• Supplied data:
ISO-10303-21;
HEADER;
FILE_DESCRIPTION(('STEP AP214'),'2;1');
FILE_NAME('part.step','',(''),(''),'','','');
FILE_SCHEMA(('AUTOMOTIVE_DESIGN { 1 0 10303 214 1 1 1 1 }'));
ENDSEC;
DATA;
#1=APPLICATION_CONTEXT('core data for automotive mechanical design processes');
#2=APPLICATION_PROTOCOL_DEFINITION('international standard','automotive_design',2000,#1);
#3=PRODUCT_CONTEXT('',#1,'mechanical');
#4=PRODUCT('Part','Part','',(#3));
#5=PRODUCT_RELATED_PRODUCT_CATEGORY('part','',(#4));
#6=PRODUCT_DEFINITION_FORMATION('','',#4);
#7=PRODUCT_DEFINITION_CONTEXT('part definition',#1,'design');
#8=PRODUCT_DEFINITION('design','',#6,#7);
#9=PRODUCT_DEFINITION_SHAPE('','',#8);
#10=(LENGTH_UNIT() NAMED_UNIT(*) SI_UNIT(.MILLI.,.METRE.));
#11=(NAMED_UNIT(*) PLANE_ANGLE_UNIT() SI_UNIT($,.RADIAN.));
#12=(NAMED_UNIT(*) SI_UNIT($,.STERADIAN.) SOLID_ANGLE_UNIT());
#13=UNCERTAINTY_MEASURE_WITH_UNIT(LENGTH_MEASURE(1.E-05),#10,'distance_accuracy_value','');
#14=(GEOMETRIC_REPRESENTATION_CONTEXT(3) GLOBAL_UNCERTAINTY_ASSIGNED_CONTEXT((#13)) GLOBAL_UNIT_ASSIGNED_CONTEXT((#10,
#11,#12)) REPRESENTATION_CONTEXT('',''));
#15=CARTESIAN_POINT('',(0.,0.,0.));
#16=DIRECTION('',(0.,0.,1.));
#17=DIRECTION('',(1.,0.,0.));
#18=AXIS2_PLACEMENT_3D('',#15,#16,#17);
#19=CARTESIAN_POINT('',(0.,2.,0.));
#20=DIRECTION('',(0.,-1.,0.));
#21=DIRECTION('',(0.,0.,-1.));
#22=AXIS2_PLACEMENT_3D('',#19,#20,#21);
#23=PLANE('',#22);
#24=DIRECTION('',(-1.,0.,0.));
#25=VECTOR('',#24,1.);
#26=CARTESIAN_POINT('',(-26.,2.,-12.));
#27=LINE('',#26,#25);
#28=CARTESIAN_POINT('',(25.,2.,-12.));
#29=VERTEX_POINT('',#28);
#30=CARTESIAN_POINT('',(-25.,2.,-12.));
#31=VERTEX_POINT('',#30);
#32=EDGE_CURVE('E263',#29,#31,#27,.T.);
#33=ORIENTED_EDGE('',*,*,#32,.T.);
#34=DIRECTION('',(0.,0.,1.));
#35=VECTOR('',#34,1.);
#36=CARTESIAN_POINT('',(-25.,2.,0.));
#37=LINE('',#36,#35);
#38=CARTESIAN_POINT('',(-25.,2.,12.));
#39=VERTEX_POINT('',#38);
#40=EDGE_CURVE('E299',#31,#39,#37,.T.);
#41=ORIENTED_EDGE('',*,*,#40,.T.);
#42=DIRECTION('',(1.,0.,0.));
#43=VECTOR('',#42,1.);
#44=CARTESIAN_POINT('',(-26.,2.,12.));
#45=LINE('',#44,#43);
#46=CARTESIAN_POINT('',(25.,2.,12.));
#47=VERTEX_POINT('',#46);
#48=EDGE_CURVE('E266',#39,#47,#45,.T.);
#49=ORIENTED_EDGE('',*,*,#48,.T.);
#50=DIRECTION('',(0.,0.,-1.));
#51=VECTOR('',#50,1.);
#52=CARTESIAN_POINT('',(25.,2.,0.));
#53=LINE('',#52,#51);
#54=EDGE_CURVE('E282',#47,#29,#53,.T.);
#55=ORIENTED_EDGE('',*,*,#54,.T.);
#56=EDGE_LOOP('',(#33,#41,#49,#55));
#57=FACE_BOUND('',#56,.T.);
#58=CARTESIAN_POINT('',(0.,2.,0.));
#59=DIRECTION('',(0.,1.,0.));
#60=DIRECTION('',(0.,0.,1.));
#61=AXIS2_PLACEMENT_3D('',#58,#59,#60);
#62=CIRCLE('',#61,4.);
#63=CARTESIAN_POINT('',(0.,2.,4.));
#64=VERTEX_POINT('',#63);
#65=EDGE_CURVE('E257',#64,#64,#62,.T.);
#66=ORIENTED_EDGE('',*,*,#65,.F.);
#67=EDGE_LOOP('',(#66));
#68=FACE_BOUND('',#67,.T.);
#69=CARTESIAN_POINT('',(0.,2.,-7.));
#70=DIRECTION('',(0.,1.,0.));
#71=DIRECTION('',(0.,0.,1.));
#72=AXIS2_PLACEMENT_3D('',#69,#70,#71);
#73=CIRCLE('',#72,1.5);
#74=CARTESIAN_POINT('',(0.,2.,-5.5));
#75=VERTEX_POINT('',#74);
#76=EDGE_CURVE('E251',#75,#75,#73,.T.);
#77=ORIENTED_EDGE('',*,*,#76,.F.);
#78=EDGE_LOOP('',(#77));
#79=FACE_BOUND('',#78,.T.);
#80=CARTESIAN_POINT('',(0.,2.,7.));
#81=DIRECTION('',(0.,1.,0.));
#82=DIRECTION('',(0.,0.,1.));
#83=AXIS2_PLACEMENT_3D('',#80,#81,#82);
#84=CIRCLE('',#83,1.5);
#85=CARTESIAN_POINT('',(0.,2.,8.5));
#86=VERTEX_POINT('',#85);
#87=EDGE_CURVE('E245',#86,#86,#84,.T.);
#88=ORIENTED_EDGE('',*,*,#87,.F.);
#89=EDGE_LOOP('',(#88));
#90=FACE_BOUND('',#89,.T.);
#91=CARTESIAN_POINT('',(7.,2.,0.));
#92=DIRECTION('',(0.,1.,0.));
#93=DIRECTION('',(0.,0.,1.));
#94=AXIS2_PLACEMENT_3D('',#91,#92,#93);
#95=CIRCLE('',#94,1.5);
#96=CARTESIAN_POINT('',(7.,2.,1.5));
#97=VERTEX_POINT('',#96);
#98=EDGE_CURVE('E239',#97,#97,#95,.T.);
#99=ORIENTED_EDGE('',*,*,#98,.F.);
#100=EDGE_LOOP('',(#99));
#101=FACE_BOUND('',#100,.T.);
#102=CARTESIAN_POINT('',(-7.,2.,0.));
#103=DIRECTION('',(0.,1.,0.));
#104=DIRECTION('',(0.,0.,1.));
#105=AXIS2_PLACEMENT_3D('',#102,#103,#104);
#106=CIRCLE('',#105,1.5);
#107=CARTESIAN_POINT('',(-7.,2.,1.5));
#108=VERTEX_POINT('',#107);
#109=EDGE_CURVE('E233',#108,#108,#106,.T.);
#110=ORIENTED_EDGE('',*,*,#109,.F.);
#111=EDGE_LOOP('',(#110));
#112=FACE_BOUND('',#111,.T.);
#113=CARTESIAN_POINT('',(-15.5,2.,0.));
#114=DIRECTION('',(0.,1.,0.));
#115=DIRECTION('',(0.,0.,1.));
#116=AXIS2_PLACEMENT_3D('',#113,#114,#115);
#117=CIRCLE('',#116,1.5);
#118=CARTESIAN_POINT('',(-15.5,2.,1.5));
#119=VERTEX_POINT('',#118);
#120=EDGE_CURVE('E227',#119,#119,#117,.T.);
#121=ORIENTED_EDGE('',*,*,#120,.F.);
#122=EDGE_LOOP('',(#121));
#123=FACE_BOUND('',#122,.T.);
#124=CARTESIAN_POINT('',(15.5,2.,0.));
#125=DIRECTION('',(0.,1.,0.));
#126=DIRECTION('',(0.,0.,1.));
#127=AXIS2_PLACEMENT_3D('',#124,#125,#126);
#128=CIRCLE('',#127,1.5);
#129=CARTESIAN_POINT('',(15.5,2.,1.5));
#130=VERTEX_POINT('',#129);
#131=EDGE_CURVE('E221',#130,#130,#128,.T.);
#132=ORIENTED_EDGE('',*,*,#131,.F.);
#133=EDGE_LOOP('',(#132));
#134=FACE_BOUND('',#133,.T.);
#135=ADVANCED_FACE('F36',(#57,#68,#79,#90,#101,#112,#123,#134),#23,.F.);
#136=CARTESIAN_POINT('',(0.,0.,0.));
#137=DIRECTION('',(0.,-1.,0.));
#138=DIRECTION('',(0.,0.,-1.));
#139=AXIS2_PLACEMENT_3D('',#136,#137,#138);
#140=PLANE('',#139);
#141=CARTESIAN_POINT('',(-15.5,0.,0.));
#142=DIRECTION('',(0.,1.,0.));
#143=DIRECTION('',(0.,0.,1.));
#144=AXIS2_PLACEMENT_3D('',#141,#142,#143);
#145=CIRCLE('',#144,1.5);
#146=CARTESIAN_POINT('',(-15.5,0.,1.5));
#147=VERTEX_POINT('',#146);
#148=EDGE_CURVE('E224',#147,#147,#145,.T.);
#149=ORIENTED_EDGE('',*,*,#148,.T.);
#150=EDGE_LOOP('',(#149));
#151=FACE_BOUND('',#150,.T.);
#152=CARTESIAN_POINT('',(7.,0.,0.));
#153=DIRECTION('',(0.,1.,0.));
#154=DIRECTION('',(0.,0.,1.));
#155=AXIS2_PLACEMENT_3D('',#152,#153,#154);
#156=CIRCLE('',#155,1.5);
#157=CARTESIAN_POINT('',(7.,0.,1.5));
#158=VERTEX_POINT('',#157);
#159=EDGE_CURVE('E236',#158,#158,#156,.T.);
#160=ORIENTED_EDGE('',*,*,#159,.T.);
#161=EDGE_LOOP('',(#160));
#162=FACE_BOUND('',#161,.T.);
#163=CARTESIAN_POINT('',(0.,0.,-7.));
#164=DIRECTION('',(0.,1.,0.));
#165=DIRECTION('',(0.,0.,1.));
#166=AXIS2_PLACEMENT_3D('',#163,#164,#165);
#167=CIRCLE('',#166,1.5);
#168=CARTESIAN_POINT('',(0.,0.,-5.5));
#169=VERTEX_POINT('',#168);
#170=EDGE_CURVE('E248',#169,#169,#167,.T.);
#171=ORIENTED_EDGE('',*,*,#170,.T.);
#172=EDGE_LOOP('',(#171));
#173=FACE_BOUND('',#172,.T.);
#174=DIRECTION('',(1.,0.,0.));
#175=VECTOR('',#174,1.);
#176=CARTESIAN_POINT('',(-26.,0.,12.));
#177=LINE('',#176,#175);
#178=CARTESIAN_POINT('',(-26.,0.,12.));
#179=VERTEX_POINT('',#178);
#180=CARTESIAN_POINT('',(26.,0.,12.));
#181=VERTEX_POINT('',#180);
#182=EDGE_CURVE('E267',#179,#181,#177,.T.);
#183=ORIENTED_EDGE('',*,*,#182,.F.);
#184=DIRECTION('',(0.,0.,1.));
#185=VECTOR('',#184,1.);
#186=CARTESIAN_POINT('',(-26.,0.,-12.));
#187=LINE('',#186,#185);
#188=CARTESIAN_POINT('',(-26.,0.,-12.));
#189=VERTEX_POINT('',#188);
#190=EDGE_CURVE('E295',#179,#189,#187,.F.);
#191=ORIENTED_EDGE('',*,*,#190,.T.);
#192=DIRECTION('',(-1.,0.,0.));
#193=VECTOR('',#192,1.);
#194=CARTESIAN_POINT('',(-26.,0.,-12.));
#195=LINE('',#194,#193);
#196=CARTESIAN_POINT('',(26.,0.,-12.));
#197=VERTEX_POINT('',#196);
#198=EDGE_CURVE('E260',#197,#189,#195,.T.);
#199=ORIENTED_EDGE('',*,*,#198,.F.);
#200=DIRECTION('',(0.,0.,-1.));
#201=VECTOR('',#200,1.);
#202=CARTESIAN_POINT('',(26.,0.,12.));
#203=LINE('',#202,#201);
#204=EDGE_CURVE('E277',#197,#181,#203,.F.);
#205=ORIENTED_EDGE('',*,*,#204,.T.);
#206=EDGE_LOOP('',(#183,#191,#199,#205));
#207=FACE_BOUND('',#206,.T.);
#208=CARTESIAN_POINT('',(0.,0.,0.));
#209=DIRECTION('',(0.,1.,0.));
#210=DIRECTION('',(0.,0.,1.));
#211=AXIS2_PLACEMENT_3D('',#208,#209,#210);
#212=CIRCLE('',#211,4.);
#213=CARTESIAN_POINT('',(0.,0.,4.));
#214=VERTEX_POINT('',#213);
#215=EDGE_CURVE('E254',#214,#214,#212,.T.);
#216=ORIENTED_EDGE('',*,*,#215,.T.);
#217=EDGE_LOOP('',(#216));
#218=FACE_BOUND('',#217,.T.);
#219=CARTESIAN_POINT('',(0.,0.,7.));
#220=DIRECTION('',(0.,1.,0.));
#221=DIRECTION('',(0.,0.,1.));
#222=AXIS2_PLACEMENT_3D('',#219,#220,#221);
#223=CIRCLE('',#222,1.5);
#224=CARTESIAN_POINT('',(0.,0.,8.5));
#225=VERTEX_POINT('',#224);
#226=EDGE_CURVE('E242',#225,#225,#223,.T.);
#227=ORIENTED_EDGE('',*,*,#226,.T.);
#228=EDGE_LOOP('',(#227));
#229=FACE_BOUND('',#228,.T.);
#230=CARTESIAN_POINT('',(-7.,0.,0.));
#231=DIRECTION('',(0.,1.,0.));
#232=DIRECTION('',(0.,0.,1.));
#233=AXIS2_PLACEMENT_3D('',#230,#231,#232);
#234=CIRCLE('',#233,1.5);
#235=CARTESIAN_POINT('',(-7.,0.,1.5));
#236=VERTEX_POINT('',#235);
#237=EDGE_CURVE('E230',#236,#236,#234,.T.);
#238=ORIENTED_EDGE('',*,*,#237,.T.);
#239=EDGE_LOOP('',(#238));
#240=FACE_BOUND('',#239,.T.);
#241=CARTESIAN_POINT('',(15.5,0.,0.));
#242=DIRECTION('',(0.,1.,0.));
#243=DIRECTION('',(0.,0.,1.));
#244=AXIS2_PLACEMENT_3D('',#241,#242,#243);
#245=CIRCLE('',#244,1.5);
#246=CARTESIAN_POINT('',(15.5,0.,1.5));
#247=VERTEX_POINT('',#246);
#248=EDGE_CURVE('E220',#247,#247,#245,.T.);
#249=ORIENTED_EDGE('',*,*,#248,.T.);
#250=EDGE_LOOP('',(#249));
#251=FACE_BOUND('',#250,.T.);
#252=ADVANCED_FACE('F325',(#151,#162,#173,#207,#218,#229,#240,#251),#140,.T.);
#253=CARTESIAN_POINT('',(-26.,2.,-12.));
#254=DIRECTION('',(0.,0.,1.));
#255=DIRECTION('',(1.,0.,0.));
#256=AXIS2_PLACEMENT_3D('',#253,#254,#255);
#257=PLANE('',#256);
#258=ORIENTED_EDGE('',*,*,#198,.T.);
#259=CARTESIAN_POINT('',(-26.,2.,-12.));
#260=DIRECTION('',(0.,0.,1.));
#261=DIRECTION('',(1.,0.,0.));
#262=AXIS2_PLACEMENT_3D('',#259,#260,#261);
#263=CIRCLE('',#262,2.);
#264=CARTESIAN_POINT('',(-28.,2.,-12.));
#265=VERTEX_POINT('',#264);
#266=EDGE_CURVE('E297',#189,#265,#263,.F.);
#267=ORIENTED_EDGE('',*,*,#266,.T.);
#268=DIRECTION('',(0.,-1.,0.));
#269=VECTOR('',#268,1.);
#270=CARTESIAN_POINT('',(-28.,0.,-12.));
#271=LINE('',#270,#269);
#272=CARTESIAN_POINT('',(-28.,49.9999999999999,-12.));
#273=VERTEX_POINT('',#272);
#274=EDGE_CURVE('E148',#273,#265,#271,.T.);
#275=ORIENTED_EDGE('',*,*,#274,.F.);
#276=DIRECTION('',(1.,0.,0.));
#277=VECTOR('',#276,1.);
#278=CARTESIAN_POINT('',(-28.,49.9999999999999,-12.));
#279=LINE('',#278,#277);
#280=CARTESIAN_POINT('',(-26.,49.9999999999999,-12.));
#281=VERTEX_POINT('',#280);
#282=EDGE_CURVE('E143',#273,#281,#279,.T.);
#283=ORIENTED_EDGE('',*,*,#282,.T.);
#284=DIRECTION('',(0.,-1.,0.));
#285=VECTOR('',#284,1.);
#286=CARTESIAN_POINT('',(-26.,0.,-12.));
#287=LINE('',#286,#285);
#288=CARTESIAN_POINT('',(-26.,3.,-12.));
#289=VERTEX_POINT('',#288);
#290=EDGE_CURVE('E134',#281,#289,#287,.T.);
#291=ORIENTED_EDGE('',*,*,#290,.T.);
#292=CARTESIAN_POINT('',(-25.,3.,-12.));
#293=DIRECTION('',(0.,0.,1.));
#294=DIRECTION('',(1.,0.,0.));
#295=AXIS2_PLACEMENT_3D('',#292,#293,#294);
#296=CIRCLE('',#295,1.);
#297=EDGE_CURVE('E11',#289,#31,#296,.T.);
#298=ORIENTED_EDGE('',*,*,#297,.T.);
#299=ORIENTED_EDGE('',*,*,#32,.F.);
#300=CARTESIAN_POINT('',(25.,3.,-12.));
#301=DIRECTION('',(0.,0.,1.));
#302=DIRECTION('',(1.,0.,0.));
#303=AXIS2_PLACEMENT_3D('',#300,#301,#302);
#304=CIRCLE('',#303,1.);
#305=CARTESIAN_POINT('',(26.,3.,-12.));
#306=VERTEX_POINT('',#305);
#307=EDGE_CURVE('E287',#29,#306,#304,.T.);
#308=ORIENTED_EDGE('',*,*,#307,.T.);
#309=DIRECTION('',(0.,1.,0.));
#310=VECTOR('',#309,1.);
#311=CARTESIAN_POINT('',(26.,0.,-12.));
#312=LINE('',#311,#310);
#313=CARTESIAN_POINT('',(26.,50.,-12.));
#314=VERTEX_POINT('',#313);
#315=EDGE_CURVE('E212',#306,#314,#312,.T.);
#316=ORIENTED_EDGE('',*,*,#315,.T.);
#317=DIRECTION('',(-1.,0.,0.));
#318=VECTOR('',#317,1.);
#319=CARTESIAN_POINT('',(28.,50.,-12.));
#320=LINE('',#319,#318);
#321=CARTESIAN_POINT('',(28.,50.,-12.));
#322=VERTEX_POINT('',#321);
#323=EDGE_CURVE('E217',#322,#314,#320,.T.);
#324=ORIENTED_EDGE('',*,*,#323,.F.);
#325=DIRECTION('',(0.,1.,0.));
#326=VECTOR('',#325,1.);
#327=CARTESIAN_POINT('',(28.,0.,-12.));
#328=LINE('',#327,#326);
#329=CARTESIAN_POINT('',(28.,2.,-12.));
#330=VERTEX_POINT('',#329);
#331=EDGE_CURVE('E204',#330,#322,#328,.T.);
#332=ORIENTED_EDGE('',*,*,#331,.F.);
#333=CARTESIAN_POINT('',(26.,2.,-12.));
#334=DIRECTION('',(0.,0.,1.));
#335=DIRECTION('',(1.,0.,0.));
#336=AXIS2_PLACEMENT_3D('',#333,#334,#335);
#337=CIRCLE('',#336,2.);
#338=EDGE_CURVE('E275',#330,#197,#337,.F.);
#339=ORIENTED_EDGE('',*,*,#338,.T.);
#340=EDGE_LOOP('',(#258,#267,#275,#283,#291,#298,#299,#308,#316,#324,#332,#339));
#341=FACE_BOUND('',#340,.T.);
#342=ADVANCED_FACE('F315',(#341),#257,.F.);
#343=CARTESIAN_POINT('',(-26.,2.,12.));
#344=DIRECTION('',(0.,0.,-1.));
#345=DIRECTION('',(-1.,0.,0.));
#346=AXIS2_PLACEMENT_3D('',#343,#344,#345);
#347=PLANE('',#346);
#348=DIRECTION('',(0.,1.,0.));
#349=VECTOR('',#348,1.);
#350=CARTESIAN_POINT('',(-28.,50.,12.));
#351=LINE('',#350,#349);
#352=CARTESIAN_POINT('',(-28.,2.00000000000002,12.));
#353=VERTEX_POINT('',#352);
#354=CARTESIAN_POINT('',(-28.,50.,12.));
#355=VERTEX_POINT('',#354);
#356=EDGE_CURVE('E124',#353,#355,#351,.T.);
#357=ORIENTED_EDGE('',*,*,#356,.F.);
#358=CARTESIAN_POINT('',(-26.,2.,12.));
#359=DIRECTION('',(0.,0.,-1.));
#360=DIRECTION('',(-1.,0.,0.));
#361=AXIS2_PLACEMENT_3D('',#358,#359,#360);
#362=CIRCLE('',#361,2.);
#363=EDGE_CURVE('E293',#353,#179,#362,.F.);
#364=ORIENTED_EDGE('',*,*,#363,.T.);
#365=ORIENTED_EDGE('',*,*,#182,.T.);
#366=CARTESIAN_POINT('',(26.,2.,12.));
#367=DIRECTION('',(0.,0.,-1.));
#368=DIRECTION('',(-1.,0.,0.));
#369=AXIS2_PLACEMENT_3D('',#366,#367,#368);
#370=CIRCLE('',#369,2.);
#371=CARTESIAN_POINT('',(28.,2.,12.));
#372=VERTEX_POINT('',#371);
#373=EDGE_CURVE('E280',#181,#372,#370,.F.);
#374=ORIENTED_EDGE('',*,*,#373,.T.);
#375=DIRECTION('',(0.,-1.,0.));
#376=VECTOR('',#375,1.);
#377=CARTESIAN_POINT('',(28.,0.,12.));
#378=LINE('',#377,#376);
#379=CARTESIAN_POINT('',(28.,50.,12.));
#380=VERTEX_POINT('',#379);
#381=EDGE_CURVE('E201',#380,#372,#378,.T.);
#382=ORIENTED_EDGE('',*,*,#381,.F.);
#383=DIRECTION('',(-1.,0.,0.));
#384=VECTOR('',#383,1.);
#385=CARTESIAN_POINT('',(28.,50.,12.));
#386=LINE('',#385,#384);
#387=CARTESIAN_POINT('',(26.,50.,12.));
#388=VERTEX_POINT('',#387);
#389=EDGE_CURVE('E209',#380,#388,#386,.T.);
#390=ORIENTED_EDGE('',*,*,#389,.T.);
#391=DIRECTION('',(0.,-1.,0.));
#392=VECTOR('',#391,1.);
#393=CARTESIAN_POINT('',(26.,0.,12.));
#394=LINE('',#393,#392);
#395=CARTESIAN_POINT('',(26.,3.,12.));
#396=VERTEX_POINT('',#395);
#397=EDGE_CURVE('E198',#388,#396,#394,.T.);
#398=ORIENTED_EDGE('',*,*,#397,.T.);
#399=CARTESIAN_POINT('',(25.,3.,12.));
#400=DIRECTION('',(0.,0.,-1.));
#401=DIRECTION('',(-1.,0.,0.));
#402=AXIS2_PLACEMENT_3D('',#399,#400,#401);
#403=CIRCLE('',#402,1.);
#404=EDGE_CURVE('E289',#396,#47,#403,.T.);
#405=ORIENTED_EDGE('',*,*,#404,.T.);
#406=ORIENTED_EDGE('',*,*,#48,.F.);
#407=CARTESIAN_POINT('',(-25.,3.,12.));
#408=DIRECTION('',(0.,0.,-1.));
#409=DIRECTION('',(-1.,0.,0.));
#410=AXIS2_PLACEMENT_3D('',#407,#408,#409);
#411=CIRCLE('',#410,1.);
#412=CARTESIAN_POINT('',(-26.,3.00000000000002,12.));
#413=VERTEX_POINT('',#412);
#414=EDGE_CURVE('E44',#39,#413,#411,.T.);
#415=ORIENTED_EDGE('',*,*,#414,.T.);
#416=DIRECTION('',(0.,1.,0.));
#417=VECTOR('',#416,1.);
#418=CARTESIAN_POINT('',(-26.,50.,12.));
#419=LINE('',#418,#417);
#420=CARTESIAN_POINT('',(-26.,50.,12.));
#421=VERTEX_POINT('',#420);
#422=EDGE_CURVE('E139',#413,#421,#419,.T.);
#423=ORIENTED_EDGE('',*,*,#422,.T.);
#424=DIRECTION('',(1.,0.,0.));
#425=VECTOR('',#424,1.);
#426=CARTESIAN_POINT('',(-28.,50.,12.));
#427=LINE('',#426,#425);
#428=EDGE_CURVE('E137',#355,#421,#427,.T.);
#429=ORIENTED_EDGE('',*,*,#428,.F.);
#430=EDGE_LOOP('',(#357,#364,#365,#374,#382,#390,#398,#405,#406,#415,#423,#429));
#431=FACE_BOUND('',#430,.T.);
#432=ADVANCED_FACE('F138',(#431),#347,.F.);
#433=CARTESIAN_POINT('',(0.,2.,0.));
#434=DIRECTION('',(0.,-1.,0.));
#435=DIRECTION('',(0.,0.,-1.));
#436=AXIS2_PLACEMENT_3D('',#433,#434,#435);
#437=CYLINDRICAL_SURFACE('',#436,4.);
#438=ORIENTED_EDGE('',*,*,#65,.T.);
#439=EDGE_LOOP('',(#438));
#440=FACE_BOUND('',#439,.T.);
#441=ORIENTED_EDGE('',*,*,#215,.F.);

• What is required: Write out, from the lines above, only those from the line with "#381=EDGE_CURVE('E201',#380,#372,#378,.T.);" to the line with "#387=CARTESIAN_POINT('',(26.,50.,12.));", exactly as given, including the first and the last.

• Solution for this exercise:
#381=EDGE_CURVE('E201',#380,#372,#378,.T.);
#382=ORIENTED_EDGE('',*,*,#381,.F.);
#383=DIRECTION('',(-1.,0.,0.));
#384=VECTOR('',#383,1.);
#385=CARTESIAN_POINT('',(28.,50.,12.));
#386=LINE('',#385,#384);
#387=CARTESIAN_POINT('',(26.,50.,12.));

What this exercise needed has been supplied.